Only lines containing the string "units" belong in the answer; copy all of them from the entries.

━━━━━ WORKING DATA

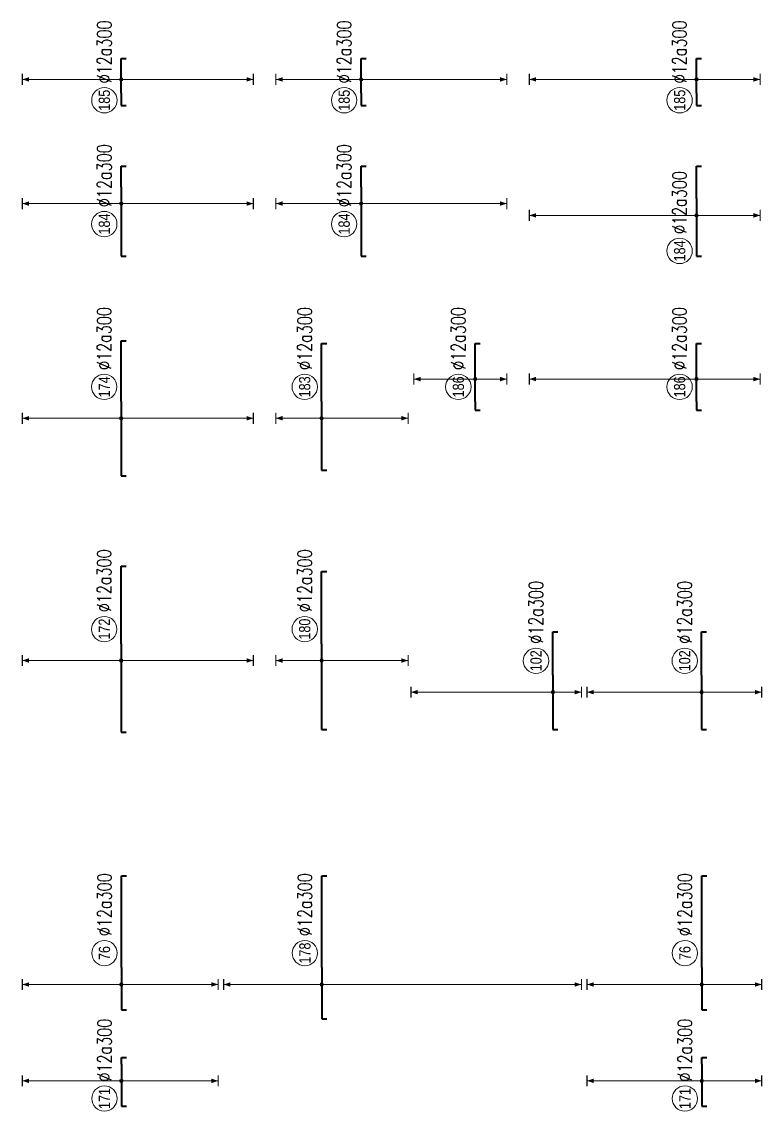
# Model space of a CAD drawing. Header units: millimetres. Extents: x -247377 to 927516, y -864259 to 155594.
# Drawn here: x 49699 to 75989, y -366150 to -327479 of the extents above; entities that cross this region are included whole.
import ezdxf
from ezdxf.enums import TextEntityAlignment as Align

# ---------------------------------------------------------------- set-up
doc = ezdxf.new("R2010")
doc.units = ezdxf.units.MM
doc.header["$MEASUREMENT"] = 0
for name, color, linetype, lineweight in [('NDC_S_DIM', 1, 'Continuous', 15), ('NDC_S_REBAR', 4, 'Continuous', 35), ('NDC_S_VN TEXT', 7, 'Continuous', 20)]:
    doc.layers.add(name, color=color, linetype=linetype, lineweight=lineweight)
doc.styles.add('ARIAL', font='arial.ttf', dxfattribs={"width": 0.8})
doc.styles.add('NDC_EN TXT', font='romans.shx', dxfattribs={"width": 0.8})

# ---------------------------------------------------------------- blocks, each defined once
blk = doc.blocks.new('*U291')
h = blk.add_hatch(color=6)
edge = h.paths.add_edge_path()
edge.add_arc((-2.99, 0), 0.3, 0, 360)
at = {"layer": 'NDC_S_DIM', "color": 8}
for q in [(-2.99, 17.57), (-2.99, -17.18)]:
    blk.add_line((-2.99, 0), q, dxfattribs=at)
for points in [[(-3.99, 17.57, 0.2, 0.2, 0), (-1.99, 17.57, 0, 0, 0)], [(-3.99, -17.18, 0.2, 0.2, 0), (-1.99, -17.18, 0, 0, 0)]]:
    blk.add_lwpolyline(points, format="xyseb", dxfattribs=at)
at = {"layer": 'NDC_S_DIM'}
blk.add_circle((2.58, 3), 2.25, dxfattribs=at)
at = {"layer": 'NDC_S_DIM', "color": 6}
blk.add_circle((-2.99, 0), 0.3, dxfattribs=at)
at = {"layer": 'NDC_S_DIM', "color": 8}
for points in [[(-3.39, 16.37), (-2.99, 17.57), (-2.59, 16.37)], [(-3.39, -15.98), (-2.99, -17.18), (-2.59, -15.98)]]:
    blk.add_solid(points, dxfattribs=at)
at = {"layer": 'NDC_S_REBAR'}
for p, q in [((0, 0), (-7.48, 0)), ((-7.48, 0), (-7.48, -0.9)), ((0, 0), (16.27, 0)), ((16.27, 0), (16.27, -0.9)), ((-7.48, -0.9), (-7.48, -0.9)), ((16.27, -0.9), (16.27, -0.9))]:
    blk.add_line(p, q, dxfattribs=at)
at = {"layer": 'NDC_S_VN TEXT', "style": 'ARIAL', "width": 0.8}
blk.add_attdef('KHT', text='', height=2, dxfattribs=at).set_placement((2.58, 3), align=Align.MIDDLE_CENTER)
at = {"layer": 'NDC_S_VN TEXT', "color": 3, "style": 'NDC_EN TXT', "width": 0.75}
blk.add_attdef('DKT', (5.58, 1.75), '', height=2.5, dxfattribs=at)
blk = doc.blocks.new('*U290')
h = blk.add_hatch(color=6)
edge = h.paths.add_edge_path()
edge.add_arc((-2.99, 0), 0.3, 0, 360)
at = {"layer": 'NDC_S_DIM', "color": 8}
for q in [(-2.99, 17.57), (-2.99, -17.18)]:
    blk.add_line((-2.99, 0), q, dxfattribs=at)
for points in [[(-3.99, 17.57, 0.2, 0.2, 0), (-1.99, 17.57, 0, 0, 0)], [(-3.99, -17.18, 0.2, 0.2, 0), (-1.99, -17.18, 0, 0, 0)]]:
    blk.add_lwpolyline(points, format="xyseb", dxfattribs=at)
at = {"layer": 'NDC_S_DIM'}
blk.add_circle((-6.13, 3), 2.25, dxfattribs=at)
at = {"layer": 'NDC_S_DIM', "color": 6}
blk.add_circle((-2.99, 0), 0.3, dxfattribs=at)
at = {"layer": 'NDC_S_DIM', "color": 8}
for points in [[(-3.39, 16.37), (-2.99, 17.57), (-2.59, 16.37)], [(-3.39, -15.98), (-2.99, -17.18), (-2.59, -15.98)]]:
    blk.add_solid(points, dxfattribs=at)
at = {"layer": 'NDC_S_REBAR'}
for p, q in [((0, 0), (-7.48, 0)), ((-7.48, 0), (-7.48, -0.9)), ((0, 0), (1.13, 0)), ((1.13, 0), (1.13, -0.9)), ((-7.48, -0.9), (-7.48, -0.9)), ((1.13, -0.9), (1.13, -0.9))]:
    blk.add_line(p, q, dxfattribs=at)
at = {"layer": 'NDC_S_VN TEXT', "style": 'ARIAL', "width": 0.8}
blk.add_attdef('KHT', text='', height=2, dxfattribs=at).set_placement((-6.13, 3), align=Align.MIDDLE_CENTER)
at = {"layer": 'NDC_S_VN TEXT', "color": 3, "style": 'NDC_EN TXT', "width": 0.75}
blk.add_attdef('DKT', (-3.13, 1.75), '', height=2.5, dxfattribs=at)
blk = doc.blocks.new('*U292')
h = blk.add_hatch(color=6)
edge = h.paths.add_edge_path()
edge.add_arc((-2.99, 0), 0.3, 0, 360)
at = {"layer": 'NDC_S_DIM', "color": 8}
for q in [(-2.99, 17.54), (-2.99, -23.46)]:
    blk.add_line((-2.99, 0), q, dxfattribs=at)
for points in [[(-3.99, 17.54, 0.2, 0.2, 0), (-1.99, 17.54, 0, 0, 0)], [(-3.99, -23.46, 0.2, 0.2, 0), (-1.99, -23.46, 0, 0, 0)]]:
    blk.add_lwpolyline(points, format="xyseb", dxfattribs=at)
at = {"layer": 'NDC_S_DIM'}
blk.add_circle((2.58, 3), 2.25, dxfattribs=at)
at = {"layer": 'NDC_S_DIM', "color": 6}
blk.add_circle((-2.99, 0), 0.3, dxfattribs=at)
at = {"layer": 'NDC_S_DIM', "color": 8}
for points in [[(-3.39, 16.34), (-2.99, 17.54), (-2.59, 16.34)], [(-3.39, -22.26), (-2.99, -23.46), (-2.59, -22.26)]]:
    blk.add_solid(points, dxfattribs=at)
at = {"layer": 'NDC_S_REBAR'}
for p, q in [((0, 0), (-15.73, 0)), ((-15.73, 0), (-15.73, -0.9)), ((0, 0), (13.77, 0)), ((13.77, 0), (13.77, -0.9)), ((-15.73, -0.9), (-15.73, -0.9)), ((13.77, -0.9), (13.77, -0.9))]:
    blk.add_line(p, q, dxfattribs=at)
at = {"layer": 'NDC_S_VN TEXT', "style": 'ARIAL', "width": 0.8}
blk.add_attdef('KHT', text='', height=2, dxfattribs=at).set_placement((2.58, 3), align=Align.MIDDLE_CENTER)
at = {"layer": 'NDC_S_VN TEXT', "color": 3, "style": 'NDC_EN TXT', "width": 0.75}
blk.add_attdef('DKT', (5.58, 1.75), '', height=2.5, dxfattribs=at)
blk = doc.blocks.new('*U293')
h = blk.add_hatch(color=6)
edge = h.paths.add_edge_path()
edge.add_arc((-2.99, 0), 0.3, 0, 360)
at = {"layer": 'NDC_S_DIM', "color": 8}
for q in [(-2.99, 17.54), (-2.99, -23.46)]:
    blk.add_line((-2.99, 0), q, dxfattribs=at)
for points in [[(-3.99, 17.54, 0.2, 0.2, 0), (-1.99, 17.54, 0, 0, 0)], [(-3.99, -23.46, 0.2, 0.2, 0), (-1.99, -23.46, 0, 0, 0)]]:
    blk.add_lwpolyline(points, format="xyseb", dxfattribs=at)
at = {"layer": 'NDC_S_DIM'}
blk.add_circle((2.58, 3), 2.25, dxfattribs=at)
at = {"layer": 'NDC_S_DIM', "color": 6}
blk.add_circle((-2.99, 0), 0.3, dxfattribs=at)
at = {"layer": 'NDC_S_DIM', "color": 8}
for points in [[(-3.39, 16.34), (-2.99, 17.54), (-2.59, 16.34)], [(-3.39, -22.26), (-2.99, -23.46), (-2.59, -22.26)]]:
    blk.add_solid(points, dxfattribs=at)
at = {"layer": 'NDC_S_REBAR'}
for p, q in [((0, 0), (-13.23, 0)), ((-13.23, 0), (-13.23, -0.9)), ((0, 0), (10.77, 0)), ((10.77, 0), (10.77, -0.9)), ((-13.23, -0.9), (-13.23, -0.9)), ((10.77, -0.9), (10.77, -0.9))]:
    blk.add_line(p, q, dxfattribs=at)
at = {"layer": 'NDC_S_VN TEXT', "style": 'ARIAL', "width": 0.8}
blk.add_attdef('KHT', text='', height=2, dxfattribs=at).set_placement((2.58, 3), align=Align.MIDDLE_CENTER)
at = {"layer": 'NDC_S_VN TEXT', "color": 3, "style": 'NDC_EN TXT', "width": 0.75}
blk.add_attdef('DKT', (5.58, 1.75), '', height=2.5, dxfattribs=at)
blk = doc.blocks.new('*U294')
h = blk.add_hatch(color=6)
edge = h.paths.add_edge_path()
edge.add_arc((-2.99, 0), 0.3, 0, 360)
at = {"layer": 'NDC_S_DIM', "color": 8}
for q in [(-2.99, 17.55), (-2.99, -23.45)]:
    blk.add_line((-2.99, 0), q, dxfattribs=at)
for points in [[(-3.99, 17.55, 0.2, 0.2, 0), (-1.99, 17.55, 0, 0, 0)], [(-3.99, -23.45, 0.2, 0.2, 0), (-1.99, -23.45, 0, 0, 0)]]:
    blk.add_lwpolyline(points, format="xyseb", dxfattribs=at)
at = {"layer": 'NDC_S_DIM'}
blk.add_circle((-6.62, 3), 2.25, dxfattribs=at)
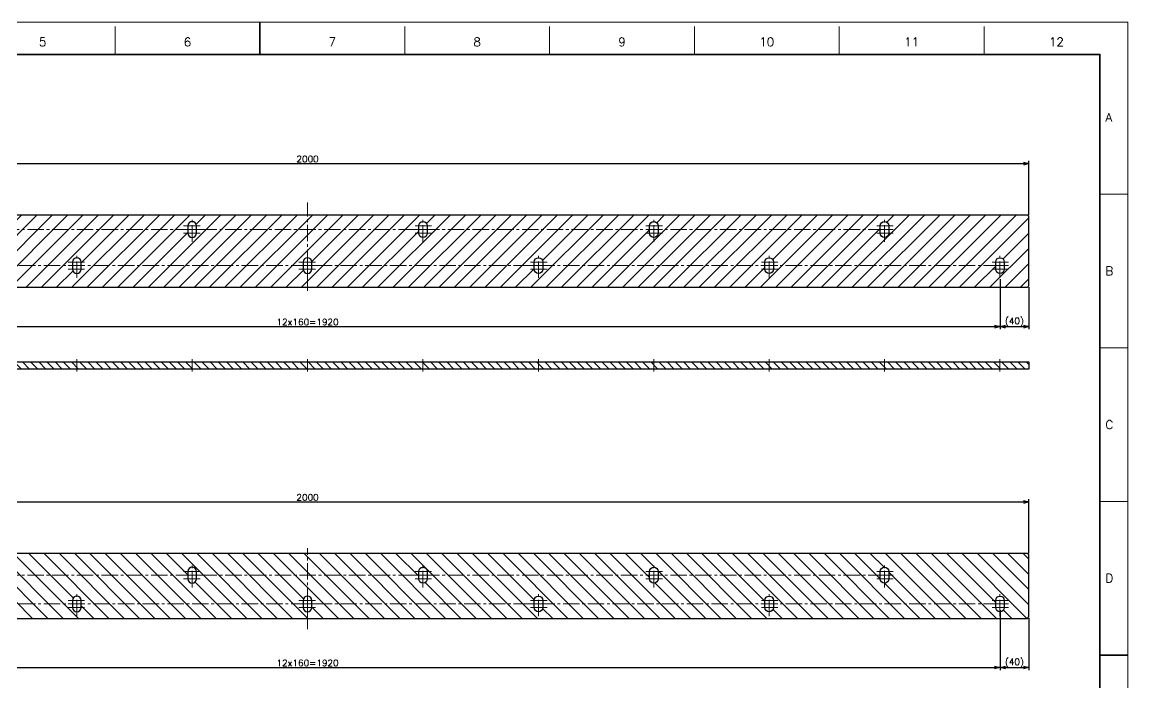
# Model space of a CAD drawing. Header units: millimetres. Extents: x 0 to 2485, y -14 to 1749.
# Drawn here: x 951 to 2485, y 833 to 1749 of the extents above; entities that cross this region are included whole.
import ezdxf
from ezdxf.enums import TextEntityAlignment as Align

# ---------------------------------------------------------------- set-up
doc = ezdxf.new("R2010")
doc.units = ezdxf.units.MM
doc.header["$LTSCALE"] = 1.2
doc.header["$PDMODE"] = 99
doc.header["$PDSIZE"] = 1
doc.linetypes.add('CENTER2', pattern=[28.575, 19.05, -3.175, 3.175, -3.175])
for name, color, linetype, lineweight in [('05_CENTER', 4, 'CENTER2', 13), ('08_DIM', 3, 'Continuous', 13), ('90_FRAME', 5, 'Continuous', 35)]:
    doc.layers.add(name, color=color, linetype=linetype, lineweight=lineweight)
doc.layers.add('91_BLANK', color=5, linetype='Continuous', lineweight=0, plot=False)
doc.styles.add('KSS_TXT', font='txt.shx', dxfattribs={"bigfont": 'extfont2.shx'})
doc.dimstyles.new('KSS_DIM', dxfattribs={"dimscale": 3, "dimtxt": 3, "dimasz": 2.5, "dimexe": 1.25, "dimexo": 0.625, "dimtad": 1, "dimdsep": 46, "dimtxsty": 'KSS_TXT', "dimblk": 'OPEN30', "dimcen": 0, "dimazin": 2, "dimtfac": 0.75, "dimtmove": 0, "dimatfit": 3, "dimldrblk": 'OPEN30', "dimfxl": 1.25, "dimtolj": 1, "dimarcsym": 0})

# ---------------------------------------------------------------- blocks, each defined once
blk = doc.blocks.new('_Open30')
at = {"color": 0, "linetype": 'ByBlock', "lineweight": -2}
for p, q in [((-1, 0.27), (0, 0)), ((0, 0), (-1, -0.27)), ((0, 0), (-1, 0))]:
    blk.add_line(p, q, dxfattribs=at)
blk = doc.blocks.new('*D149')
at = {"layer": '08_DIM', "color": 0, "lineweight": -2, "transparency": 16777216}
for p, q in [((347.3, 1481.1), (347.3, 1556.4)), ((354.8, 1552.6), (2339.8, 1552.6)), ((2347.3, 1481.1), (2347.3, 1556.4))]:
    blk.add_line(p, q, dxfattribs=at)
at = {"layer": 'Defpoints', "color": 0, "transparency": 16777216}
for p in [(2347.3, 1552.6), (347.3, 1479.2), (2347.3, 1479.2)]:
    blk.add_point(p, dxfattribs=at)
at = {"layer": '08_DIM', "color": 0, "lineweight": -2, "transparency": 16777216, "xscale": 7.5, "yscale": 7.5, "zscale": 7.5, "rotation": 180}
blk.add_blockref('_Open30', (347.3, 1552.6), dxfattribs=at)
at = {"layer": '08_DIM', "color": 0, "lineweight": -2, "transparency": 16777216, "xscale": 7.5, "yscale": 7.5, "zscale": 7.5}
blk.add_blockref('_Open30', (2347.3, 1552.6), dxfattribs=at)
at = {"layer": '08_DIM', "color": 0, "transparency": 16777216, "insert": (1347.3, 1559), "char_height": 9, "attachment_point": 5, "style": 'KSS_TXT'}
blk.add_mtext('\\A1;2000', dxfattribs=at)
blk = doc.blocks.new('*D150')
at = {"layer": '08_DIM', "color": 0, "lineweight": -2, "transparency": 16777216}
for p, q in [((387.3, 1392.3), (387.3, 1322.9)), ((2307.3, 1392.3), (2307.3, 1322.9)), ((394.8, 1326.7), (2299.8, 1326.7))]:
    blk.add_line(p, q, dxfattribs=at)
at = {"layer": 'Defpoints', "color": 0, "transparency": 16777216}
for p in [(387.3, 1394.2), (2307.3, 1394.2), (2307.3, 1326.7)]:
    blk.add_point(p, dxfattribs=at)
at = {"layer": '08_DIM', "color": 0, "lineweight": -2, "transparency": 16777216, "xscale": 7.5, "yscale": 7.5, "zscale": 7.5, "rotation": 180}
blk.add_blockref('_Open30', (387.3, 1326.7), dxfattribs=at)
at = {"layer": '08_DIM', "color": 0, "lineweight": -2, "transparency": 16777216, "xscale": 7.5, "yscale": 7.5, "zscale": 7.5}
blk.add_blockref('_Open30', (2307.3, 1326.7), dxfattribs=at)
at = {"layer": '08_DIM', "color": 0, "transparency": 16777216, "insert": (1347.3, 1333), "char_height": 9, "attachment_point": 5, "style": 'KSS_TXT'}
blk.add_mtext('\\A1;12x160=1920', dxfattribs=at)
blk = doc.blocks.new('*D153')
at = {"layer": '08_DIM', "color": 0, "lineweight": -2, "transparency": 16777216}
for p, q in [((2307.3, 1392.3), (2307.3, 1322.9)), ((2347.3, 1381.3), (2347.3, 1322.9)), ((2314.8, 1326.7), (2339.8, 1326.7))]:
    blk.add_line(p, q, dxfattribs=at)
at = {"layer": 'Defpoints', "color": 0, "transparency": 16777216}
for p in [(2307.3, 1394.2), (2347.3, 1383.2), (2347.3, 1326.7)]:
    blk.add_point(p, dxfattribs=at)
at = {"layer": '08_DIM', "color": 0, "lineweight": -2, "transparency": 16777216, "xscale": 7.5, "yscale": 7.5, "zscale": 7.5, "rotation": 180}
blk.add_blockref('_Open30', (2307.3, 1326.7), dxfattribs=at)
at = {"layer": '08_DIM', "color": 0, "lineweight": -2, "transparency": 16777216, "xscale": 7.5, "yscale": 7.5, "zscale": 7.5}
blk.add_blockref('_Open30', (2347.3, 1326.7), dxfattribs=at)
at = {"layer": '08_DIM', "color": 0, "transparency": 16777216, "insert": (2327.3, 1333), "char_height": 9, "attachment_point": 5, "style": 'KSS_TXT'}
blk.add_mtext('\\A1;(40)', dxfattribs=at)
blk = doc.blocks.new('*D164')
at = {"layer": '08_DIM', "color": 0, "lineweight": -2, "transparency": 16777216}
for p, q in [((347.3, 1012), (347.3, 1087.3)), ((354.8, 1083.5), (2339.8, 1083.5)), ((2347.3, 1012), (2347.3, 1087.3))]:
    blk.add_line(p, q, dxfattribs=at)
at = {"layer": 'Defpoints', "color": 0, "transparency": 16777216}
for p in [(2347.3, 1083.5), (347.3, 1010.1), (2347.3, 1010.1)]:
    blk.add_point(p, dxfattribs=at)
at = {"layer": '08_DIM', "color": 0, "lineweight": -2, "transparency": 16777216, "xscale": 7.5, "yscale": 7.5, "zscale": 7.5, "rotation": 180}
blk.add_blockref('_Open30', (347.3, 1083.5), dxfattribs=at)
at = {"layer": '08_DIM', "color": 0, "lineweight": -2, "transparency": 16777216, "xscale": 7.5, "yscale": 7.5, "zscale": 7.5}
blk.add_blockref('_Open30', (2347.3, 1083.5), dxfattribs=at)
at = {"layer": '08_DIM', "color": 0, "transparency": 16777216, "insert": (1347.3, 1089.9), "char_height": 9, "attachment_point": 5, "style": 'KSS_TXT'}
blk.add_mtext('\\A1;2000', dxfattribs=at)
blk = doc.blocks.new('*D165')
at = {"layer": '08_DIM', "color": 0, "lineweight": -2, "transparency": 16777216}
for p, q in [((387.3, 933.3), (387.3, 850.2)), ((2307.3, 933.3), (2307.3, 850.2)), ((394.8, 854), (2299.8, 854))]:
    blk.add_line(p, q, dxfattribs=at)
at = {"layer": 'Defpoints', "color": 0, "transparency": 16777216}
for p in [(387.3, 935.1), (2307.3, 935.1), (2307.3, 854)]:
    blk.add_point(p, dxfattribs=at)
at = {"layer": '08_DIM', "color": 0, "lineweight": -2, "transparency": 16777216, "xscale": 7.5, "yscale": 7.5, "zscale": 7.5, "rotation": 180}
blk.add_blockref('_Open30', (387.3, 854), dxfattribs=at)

━━━━━━━━━━

**THE COMPLETED TASK:**
# Model space of a CAD drawing. Header units: millimetres. Extents: x -247377 to 927516, y -864259 to 155594.
doc.units = ezdxf.units.MM
# Model space of a CAD drawing. Header units: millimetres. Extents: x 0 to 2485, y -14 to 1749.
doc.units = ezdxf.units.MM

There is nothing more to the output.